## TASK TO CARRY OUT
Two lines below mark the span: the one containing "1.6, 0) normal" and the one containing "circle A7 centre (17, 28.5) radius 3". Set down both, plus every line between, exactly as they stand, and nothing else.

## INPUT MATERIAL
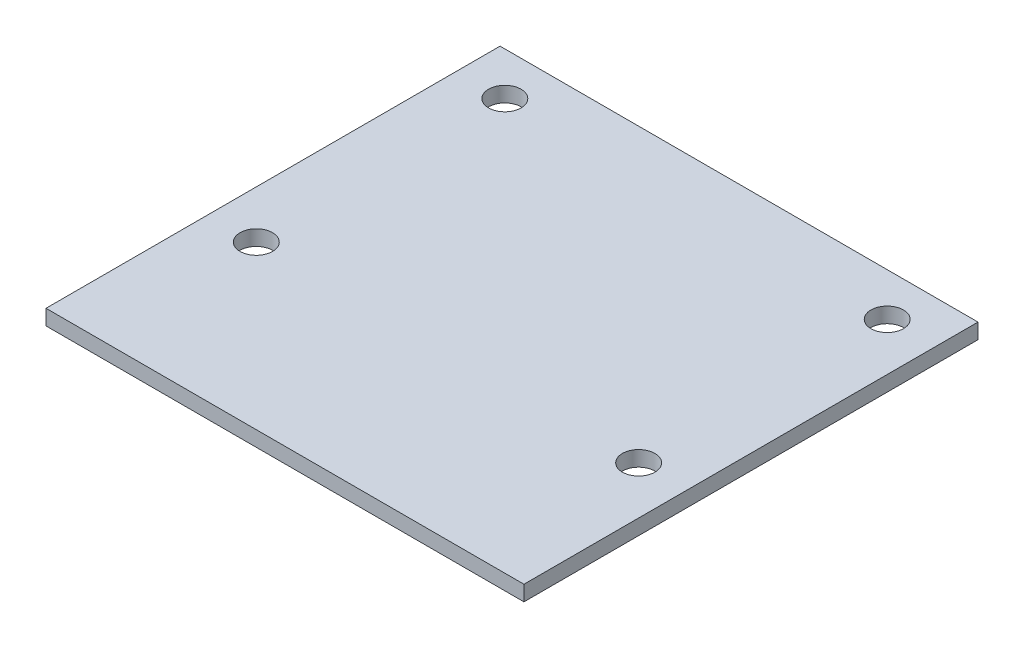
SolidWorks part; units mm, degrees
ref_plane "Front Plane" through (0, 0, 0) normal (0, 0, 1) x (1, 0, 0)
ref_plane "Top Plane" through (0, 0, 0) normal (0, 1, 0) x (1, 0, 0)
ref_plane "Right Plane" through (0, 0, 0) normal (1, 0, 0) x (0, 0, -1)
sketch "Sketch1" plane through (0, 0, 0) normal (0, 1, 0) x (1, 0, 0)
  line L1 (0, 0) -> (50, 0)
  line L2 (0, 0) -> (0, 47.5)
  line L3 (0, 47.5) -> (50, 47.5)
  line L4 (50, 0) -> (50, 47.5)
  circle A0 centre (5, 17) radius 1.7
  circle A1 centre (5, 43) radius 1.7
  circle A2 centre (45, 17) radius 1.7
  circle A3 centre (45, 43) radius 1.7
  dimension "D5" = 3.4
  dimension "D6" = 26
  dimension "D1" = 47.5
  dimension "D2" = 50
  dimension "D3" = 17
  dimension "D4" = 5
  dimension "D7" = 5
extrude "Boss-Extrude1" add sketch "Sketch1" along normal blind 1.6
sketch "Sketch2" plane through (0, 1.6, 0) normal (0, 1, 0) x (1, 0, 0)
  line L0 (0, 0) -> (50, 0) construction
  line L2 (50, 0) -> (50, 47.5) construction
  circle A0 centre (17, 18.5) radius 3
  circle A1 centre (27, 18.5) radius 3
  circle A2 centre (37, 18.5) radius 3
  circle A3 centre (27, 28.5) radius 3
  circle A4 centre (37, 28.5) radius 3
  circle A5 centre (27, 38.5) radius 3
  circle A6 centre (37, 38.5) radius 3
  circle A7 centre (17, 28.5) radius 3
  circle A8 centre (17, 38.5) radius 3
  dimension "D1" = 6
  dimension "D4" = 18.5
  dimension "D5" = 13
  dimension "D2" = 3
  dimension "D3" = 3

## FINISHED EXERCISE
sketch "Sketch2" plane through (0, 1.6, 0) normal (0, 1, 0) x (1, 0, 0)
  line L0 (0, 0) -> (50, 0) construction
  line L2 (50, 0) -> (50, 47.5) construction
  circle A0 centre (17, 18.5) radius 3
  circle A1 centre (27, 18.5) radius 3
  circle A2 centre (37, 18.5) radius 3
  circle A3 centre (27, 28.5) radius 3
  circle A4 centre (37, 28.5) radius 3
  circle A5 centre (27, 38.5) radius 3
  circle A6 centre (37, 38.5) radius 3
  circle A7 centre (17, 28.5) radius 3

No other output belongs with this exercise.